Arkadaş grubunun hepsi Ezgi'nin evinde toplanmış, "nedense" Göktuğ hariç hiçbirinin gözüne bile bakmayan Deniz'e moral vermeye çalışıyordu. Deniz kime güveneceğini bilmediğinden bu dört kişinin ağzından çıkan herhangi bir söz midesini bulandırıyordu. Şu an evinde annesinin babasını aldattığını biliyor, sinirden elleri titriyor, bacaklarına dolayıp kendini bir top hâline getirdiği kollarını daha da sıkı sarıyordu kendisine.

Göktuğ'a kaçamak bakışlar atıp duruyordu, arada göz göze geliyorlardı. İkisinin de kafasında aynı şey kendisini tekrar ediyordu. Kim?

Kayra tek kolunu omzuna attı, kendisine doğru çekti Deniz'i. Deniz ağlamaktan şişmiş gözlerini kapattı, başka da bir tepki vermedi. "Daha iyi misin?" dedi Kayra sessizce, siyah saçları onun mavi saçlarının üstüne düşmüştü.

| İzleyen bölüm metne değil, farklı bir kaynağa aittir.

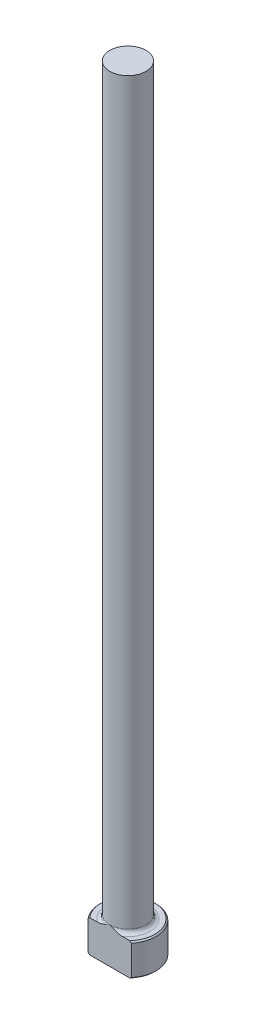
ISO-10303-21;
HEADER;
FILE_DESCRIPTION(('STEP AP214'),'2;1');
FILE_NAME('part.step','',(''),(''),'','','');
FILE_SCHEMA(('AUTOMOTIVE_DESIGN { 1 0 10303 214 1 1 1 1 }'));
ENDSEC;
DATA;
#1=APPLICATION_CONTEXT('core data for automotive mechanical design processes');
#2=APPLICATION_PROTOCOL_DEFINITION('international standard','automotive_design',2000,#1);
#3=PRODUCT_CONTEXT('',#1,'mechanical');
#4=PRODUCT('Part','Part','',(#3));
#5=PRODUCT_RELATED_PRODUCT_CATEGORY('part','',(#4));
#6=PRODUCT_DEFINITION_FORMATION('','',#4);
#7=PRODUCT_DEFINITION_CONTEXT('part definition',#1,'design');
#8=PRODUCT_DEFINITION('design','',#6,#7);
#9=PRODUCT_DEFINITION_SHAPE('','',#8);
#10=(LENGTH_UNIT() NAMED_UNIT(*) SI_UNIT(.MILLI.,.METRE.));
#11=(NAMED_UNIT(*) PLANE_ANGLE_UNIT() SI_UNIT($,.RADIAN.));
#12=(NAMED_UNIT(*) SI_UNIT($,.STERADIAN.) SOLID_ANGLE_UNIT());
#13=UNCERTAINTY_MEASURE_WITH_UNIT(LENGTH_MEASURE(1.E-05),#10,'distance_accuracy_value','');
#14=(GEOMETRIC_REPRESENTATION_CONTEXT(3) GLOBAL_UNCERTAINTY_ASSIGNED_CONTEXT((#13)) GLOBAL_UNIT_ASSIGNED_CONTEXT((#10,
#11,#12)) REPRESENTATION_CONTEXT('',''));
#15=CARTESIAN_POINT('',(0.,0.,0.));
#16=DIRECTION('',(0.,0.,1.));
#17=DIRECTION('',(1.,0.,0.));
#18=AXIS2_PLACEMENT_3D('',#15,#16,#17);
#19=CARTESIAN_POINT('',(0.,0.,0.));
#20=DIRECTION('',(0.,-1.,0.));
#21=DIRECTION('',(0.,0.,-1.));
#22=AXIS2_PLACEMENT_3D('',#19,#20,#21);
#23=PLANE('',#22);
#24=DIRECTION('',(1.,0.,0.));
#25=VECTOR('',#24,1.);
#26=CARTESIAN_POINT('',(-4.24825080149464,0.,3.57123999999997));
#27=LINE('',#26,#25);
#28=CARTESIAN_POINT('',(-3.9106011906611,0.,3.57123999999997));
#29=VERTEX_POINT('',#28);
#30=CARTESIAN_POINT('',(3.9106011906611,0.,3.57123999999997));
#31=VERTEX_POINT('',#30);
#32=EDGE_CURVE('E92',#29,#31,#27,.T.);
#33=ORIENTED_EDGE('',*,*,#32,.F.);
#34=CARTESIAN_POINT('',(0.,0.,0.));
#35=DIRECTION('',(0.,-1.,0.));
#36=DIRECTION('',(0.,0.,-1.));
#37=AXIS2_PLACEMENT_3D('',#34,#35,#36);
#38=CIRCLE('',#37,5.29589999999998);
#39=EDGE_CURVE('E105',#29,#31,#38,.T.);
#40=ORIENTED_EDGE('',*,*,#39,.T.);
#41=EDGE_LOOP('',(#33,#40));
#42=FACE_BOUND('',#41,.T.);
#43=ADVANCED_FACE('F37',(#42),#23,.T.);
#44=CARTESIAN_POINT('',(0.,259.958771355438,0.));
#45=DIRECTION('',(0.,1.,0.));
#46=DIRECTION('',(0.,0.,1.));
#47=AXIS2_PLACEMENT_3D('',#44,#45,#46);
#48=CYLINDRICAL_SURFACE('',#47,5.54989999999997);
#49=DIRECTION('',(0.,-1.,0.));
#50=VECTOR('',#49,1.);
#51=CARTESIAN_POINT('',(-4.24825080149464,152.4,3.57123999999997));
#52=LINE('',#51,#50);
#53=CARTESIAN_POINT('',(-4.24825080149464,6.09599999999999,3.57123999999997));
#54=VERTEX_POINT('',#53);
#55=CARTESIAN_POINT('',(-4.24825080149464,0.253999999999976,3.57123999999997));
#56=VERTEX_POINT('',#55);
#57=EDGE_CURVE('E95',#54,#56,#52,.T.);
#58=ORIENTED_EDGE('',*,*,#57,.F.);
#59=CARTESIAN_POINT('',(0.,6.09599999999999,0.));
#60=DIRECTION('',(0.,1.,0.));
#61=DIRECTION('',(0.,0.,1.));
#62=AXIS2_PLACEMENT_3D('',#59,#60,#61);
#63=CIRCLE('',#62,5.54989999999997);
#64=CARTESIAN_POINT('',(4.24825080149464,6.09599999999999,3.57123999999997));
#65=VERTEX_POINT('',#64);
#66=EDGE_CURVE('E109',#54,#65,#63,.F.);
#67=ORIENTED_EDGE('',*,*,#66,.T.);
#68=DIRECTION('',(0.,-1.,0.));
#69=VECTOR('',#68,1.);
#70=CARTESIAN_POINT('',(4.24825080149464,152.4,3.57123999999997));
#71=LINE('',#70,#69);
#72=CARTESIAN_POINT('',(4.24825080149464,0.253999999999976,3.57123999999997));
#73=VERTEX_POINT('',#72);
#74=EDGE_CURVE('E187',#65,#73,#71,.T.);
#75=ORIENTED_EDGE('',*,*,#74,.T.);
#76=CARTESIAN_POINT('',(0.,0.253999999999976,0.));
#77=DIRECTION('',(0.,-1.,0.));
#78=DIRECTION('',(0.,0.,-1.));
#79=AXIS2_PLACEMENT_3D('',#76,#77,#78);
#80=CIRCLE('',#79,5.54989999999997);
#81=EDGE_CURVE('E115',#73,#56,#80,.F.);
#82=ORIENTED_EDGE('',*,*,#81,.T.);
#83=EDGE_LOOP('',(#58,#67,#75,#82));
#84=FACE_BOUND('',#83,.T.);
#85=ADVANCED_FACE('F160',(#84),#48,.T.);
#86=CARTESIAN_POINT('',(-5.54989999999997,6.35,0.));
#87=DIRECTION('',(0.,1.,0.));
#88=DIRECTION('',(0.,0.,1.));
#89=AXIS2_PLACEMENT_3D('',#86,#87,#88);
#90=PLANE('',#89);
#91=DIRECTION('',(-1.,0.,0.));
#92=VECTOR('',#91,1.);
#93=CARTESIAN_POINT('',(-5.54989999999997,6.35,3.57123999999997));
#94=LINE('',#93,#92);
#95=CARTESIAN_POINT('',(3.91060119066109,6.35,3.57123999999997));
#96=VERTEX_POINT('',#95);
#97=CARTESIAN_POINT('',(2.4542236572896,6.35,3.57123999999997));
#98=VERTEX_POINT('',#97);
#99=EDGE_CURVE('E58',#96,#98,#94,.T.);
#100=ORIENTED_EDGE('',*,*,#99,.F.);
#101=CARTESIAN_POINT('',(0.,6.35,0.));
#102=DIRECTION('',(0.,1.,0.));
#103=DIRECTION('',(0.,0.,1.));
#104=AXIS2_PLACEMENT_3D('',#101,#102,#103);
#105=CIRCLE('',#104,5.29589999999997);
#106=CARTESIAN_POINT('',(-3.91060119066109,6.35,3.57123999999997));
#107=VERTEX_POINT('',#106);
#108=EDGE_CURVE('E182',#96,#107,#105,.T.);
#109=ORIENTED_EDGE('',*,*,#108,.T.);
#110=CARTESIAN_POINT('',(-2.45422365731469,6.35000000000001,3.57123999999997));
#111=VERTEX_POINT('',#110);
#112=EDGE_CURVE('E140',#111,#107,#94,.T.);
#113=ORIENTED_EDGE('',*,*,#112,.F.);
#114=CARTESIAN_POINT('',(0.,6.35,0.));
#115=DIRECTION('',(0.,1.,0.));
#116=DIRECTION('',(0.,0.,1.));
#117=AXIS2_PLACEMENT_3D('',#114,#115,#116);
#118=CIRCLE('',#117,4.33323999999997);
#119=EDGE_CURVE('E112',#111,#98,#118,.F.);
#120=ORIENTED_EDGE('',*,*,#119,.T.);
#121=EDGE_LOOP('',(#100,#109,#113,#120));
#122=FACE_BOUND('',#121,.T.);
#123=ADVANCED_FACE('F164',(#122),#90,.T.);
#124=CARTESIAN_POINT('',(0.,259.958771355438,0.));
#125=DIRECTION('',(0.,1.,0.));
#126=DIRECTION('',(0.,0.,1.));
#127=AXIS2_PLACEMENT_3D('',#124,#125,#126);
#128=CYLINDRICAL_SURFACE('',#127,3.57123999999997);
#129=CARTESIAN_POINT('',(0.,7.11200000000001,0.));
#130=DIRECTION('',(0.,1.,0.));
#131=DIRECTION('',(0.,0.,1.));
#132=AXIS2_PLACEMENT_3D('',#129,#130,#131);
#133=CIRCLE('',#132,3.57123999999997);
#134=CARTESIAN_POINT('',(0.,7.11200000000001,3.57123999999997));
#135=VERTEX_POINT('',#134);
#136=EDGE_CURVE('E108',#135,#135,#133,.T.);
#137=ORIENTED_EDGE('',*,*,#136,.T.);
#138=EDGE_LOOP('',(#137));
#139=FACE_BOUND('',#138,.T.);
#140=CARTESIAN_POINT('',(0.,152.4,0.));
#141=DIRECTION('',(0.,1.,0.));
#142=DIRECTION('',(0.,0.,1.));
#143=AXIS2_PLACEMENT_3D('',#140,#141,#142);
#144=CIRCLE('',#143,3.57123999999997);
#145=CARTESIAN_POINT('',(0.,152.4,3.57123999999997));
#146=VERTEX_POINT('',#145);
#147=EDGE_CURVE('E100',#146,#146,#144,.T.);
#148=ORIENTED_EDGE('',*,*,#147,.F.);
#149=EDGE_LOOP('',(#148));
#150=FACE_BOUND('',#149,.T.);
#151=ADVANCED_FACE('F169',(#139,#150),#128,.T.);
#152=CARTESIAN_POINT('',(-3.57123999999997,152.4,0.));
#153=DIRECTION('',(0.,1.,0.));
#154=DIRECTION('',(0.,0.,1.));
#155=AXIS2_PLACEMENT_3D('',#152,#153,#154);
#156=PLANE('',#155);
#157=ORIENTED_EDGE('',*,*,#147,.T.);
#158=EDGE_LOOP('',(#157));
#159=FACE_BOUND('',#158,.T.);
#160=ADVANCED_FACE('F127',(#159),#156,.T.);
#161=CARTESIAN_POINT('',(0.,6.35000000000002,0.));
#162=DIRECTION('',(0.,-1.,0.));
#163=DIRECTION('',(0.,0.,-1.));
#164=AXIS2_PLACEMENT_3D('',#161,#162,#163);
#165=CONICAL_SURFACE('',#164,5.29589999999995,0.785398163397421);
#166=CARTESIAN_POINT('',(4.24895080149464,6.095464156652,3.57123999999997));
#167=CARTESIAN_POINT('',(4.14438295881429,6.17549355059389,3.57123999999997));
#168=CARTESIAN_POINT('',(4.03923647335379,6.25477935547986,3.57123999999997));
#169=CARTESIAN_POINT('',(3.82754644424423,6.41151858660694,3.57123999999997));
#170=CARTESIAN_POINT('',(3.72100255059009,6.48897153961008,3.57123999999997));
#171=CARTESIAN_POINT('',(3.50542882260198,6.64230038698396,3.57123999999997));
#172=CARTESIAN_POINT('',(3.39638561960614,6.71815755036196,3.57123999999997));
#173=CARTESIAN_POINT('',(3.17642983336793,6.86710220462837,3.57123999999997));
#174=CARTESIAN_POINT('',(3.06551738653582,6.94018989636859,3.57123999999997));
#175=CARTESIAN_POINT('',(2.83424004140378,7.08758688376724,3.57123999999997));
#176=CARTESIAN_POINT('',(2.71372876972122,7.16166773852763,3.57123999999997));
#177=CARTESIAN_POINT('',(2.46979024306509,7.30494728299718,3.57123999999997));
#178=CARTESIAN_POINT('',(2.34636247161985,7.37414509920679,3.57123999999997));
#179=CARTESIAN_POINT('',(2.09658186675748,7.5060691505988,3.57123999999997));
#180=CARTESIAN_POINT('',(1.9702398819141,7.56881574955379,3.57123999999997));
#181=CARTESIAN_POINT('',(1.7139227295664,7.68631362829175,3.57123999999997));
#182=CARTESIAN_POINT('',(1.58394942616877,7.74106892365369,3.57123999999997));
#183=CARTESIAN_POINT('',(1.32618995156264,7.83815050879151,3.57123999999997));
#184=CARTESIAN_POINT('',(1.19857765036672,7.88093225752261,3.57123999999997));
#185=CARTESIAN_POINT('',(0.940022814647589,7.95508927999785,3.57123999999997));
#186=CARTESIAN_POINT('',(0.809080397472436,7.98646495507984,3.57123999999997));
#187=CARTESIAN_POINT('',(0.547472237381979,8.0351736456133,3.57123999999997));
#188=CARTESIAN_POINT('',(0.416861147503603,8.05279424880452,3.57123999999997));
#189=CARTESIAN_POINT('',(0.154490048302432,8.07371003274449,3.57123999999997));
#190=CARTESIAN_POINT('',(0.022730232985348,8.07700758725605,3.57123999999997));
#191=CARTESIAN_POINT('',(-0.240736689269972,8.06898614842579,3.57123999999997));
#192=CARTESIAN_POINT('',(-0.372442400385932,8.0576223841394,3.57123999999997));
#193=CARTESIAN_POINT('',(-0.633923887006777,8.02114818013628,3.57123999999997));
#194=CARTESIAN_POINT('',(-0.76369917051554,7.99603429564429,3.57123999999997));
#195=CARTESIAN_POINT('',(-1.02309539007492,7.93318144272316,3.57123999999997));
#196=CARTESIAN_POINT('',(-1.15265132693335,7.89517926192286,3.57123999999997));
#197=CARTESIAN_POINT('',(-1.40824532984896,7.80891935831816,3.57123999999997));
#198=CARTESIAN_POINT('',(-1.53428336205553,7.76066153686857,3.57123999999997));
#199=CARTESIAN_POINT('',(-1.77961438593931,7.65732551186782,3.57123999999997));
#200=CARTESIAN_POINT('',(-1.89899757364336,7.60245871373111,3.57123999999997));
#201=CARTESIAN_POINT('',(-2.1347403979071,7.48653307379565,3.57123999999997));
#202=CARTESIAN_POINT('',(-2.25109902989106,7.425472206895,3.57123999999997));
#203=CARTESIAN_POINT('',(-2.48132613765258,7.29831352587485,3.57123999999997));
#204=CARTESIAN_POINT('',(-2.59518895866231,7.23220554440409,3.57123999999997));
#205=CARTESIAN_POINT('',(-2.82053768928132,7.09605075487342,3.57123999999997));
#206=CARTESIAN_POINT('',(-2.93202336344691,7.02600355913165,3.57123999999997));
#207=CARTESIAN_POINT('',(-3.14635218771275,6.88700950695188,3.57123999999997));
#208=CARTESIAN_POINT('',(-3.24931455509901,6.8182456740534,3.57123999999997));
#209=CARTESIAN_POINT('',(-3.45366191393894,6.67840684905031,3.57123999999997));
#210=CARTESIAN_POINT('',(-3.55504682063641,6.60733173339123,3.57123999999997));
#211=CARTESIAN_POINT('',(-3.75586493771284,6.46368301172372,3.57123999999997));
#212=CARTESIAN_POINT('',(-3.85530602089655,6.39112037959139,3.57123999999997));
#213=CARTESIAN_POINT('',(-4.05298379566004,6.24441065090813,3.57123999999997));
#214=CARTESIAN_POINT('',(-4.15122071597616,6.17026386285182,3.57123999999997));
#215=CARTESIAN_POINT('',(-4.24895080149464,6.095464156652,3.57123999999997));
#216=B_SPLINE_CURVE_WITH_KNOTS('',3,(#166,#167,#168,#169,#170,#171,#172,#173,#174,#175,#176,
#177,#178,#179,#180,#181,#182,#183,#184,#185,#186,#187,#188,#189,#190,#191,#192,#193,#194,#195,
#196,#197,#198,#199,#200,#201,#202,#203,#204,#205,#206,#207,#208,#209,#210,#211,#212,#213,#214,
#215),.UNSPECIFIED.,.F.,.F.,(4,2,2,2,2,2,2,2,2,2,2,2,2,2,2,2,2,2,2,2,2,2,2,2,4),(0.,
0.395042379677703,0.790185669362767,1.18865071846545,1.58708681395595,2.01137547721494,
2.43573984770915,2.85872066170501,3.28148819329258,3.68483203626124,4.08816168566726,
4.48281421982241,4.87740134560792,5.27319627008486,5.66909039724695,6.07361229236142,
6.47813807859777,6.87208323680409,7.2661576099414,7.66104792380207,8.0559771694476,
8.42738035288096,8.79880342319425,9.16808958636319,9.53730447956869),.UNSPECIFIED.);
#217=EDGE_CURVE('E63',#65,#96,#216,.T.);
#218=ORIENTED_EDGE('',*,*,#217,.F.);
#219=ORIENTED_EDGE('',*,*,#66,.F.);
#220=EDGE_CURVE('E133',#107,#54,#216,.T.);
#221=ORIENTED_EDGE('',*,*,#220,.F.);
#222=ORIENTED_EDGE('',*,*,#108,.F.);
#223=EDGE_LOOP('',(#218,#219,#221,#222));
#224=FACE_BOUND('',#223,.T.);
#225=ADVANCED_FACE('F147',(#224),#165,.T.);
#226=CARTESIAN_POINT('',(0.,0.253999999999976,0.));
#227=DIRECTION('',(0.,1.,0.));
#228=DIRECTION('',(0.,0.,1.));
#229=AXIS2_PLACEMENT_3D('',#226,#227,#228);
#230=CONICAL_SURFACE('',#229,5.54989999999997,0.785398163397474);
#231=CARTESIAN_POINT('',(-4.24895080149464,0.254535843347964,3.57123999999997));
#232=CARTESIAN_POINT('',(-4.14438295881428,0.174506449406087,3.57123999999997));
#233=CARTESIAN_POINT('',(-4.03923647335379,0.0952206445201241,3.57123999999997));
#234=CARTESIAN_POINT('',(-3.82754644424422,-0.0615185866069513,3.57123999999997));
#235=CARTESIAN_POINT('',(-3.72100255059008,-0.138971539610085,3.57123999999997));
#236=CARTESIAN_POINT('',(-3.50542882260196,-0.292300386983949,3.57123999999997));
#237=CARTESIAN_POINT('',(-3.39638561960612,-0.368157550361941,3.57123999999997));
#238=CARTESIAN_POINT('',(-3.1764298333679,-0.517102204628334,3.57123999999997));
#239=CARTESIAN_POINT('',(-3.06551738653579,-0.590189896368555,3.57123999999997));
#240=CARTESIAN_POINT('',(-2.83424004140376,-0.737586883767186,3.57123999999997));
#241=CARTESIAN_POINT('',(-2.71372876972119,-0.811667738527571,3.57123999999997));
#242=CARTESIAN_POINT('',(-2.46979024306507,-0.954947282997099,3.57123999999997));
#243=CARTESIAN_POINT('',(-2.34636247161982,-1.0241450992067,3.57123999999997));
#244=CARTESIAN_POINT('',(-2.09658186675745,-1.1560691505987,3.57123999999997));
#245=CARTESIAN_POINT('',(-1.97023988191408,-1.21881574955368,3.57123999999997));
#246=CARTESIAN_POINT('',(-1.71392272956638,-1.33631362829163,3.57123999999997));
#247=CARTESIAN_POINT('',(-1.58394942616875,-1.39106892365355,3.57123999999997));
#248=CARTESIAN_POINT('',(-1.32618995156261,-1.48815050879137,3.57123999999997));
#249=CARTESIAN_POINT('',(-1.19857765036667,-1.53093225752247,3.57123999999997));
#250=CARTESIAN_POINT('',(-0.940022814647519,-1.60508927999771,3.57123999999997));
#251=CARTESIAN_POINT('',(-0.809080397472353,-1.63646495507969,3.57123999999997));
#252=CARTESIAN_POINT('',(-0.54747223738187,-1.68517364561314,3.57123999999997));
#253=CARTESIAN_POINT('',(-0.416861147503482,-1.70279424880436,3.57123999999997));
#254=CARTESIAN_POINT('',(-0.154490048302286,-1.72371003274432,3.57123999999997));
#255=CARTESIAN_POINT('',(-0.0227302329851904,-1.72700758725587,3.57123999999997));
#256=CARTESIAN_POINT('',(0.240736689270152,-1.7189861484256,3.57123999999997));
#257=CARTESIAN_POINT('',(0.372442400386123,-1.70762238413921,3.57123999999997));
#258=CARTESIAN_POINT('',(0.633923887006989,-1.67114818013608,3.57123999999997));
#259=CARTESIAN_POINT('',(0.763699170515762,-1.64603429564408,3.57123999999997));
#260=CARTESIAN_POINT('',(1.02309539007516,-1.58318144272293,3.57123999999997));
#261=CARTESIAN_POINT('',(1.15265132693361,-1.54517926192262,3.57123999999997));
#262=CARTESIAN_POINT('',(1.40824532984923,-1.45891935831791,3.57123999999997));
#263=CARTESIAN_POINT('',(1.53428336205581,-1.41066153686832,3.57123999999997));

Deniz kafasını belli belirsiz salladı, fakat iki yana. Hayır, iyi değildi, kafayı yemek üzereydi.

"Babana söyleyecek misin?" dedi Ezgi, sessizliği tekrar bozarak.

"Evet..." diye mırıldandı Deniz. "Sadece... O gelince..."

Barış anladığını belirtircesine başını salladı. "Ne yaparsan yap biz yanındayız, tamam mı?"

"Sağ olun..." diye mırıldandı tekrar. Gözleri tekrar Göktuğ'un gözlerini buldu. Göktuğ da ona bakıyordu. Gözlerini çekip derin bir nefes verdiğini gördü Deniz.

Arda dikkatini çekti Deniz'in, kendisinden bile daha sessiz görünüyordu. Gözleri bir noktaya takılı kalmış, dalmıştı. İzlenildiğini fark edip ona baktı.

Kapıları açılıp tüm dikkatleri kendisine çekti. "Gençler," dedi Ezgi'nin annesi kapıdan başını uzatarak. "Kalıyorsunuz yemeğe, değil mi?"

"Aslında-"

"Kalıyorsunuz kalıyorsunuz," dedi kadın.

"Eh iyi madem, kalalım," dedi Arda sanki az önceki hâlini hiç yaşamamış gibi. "Acıktım."

Barış hemen atladı. "Oğlum söylenir mi öy-"

"Söylenir söylenir," dedi Ezgi'nin annesi. Kapıyı kapatmadan önce ekledi. "Bir saate gelirsiniz mutfağa."

Otobüse bindiklerinde Deniz'in ağlamaktan şişmiş gözlerine bakıp üzgünce iç çekti, Ezgi. "Gariban kızım ya. En garip şeyler de hep senin başına geliyor amk, kıyamam."

Başını salladı Deniz. "Ben de diyordum ki, hani herkesin saçına karıştılar da benim saçıma neden karışılmıyor, şanslı sanıyordum kendimi amına koyayım."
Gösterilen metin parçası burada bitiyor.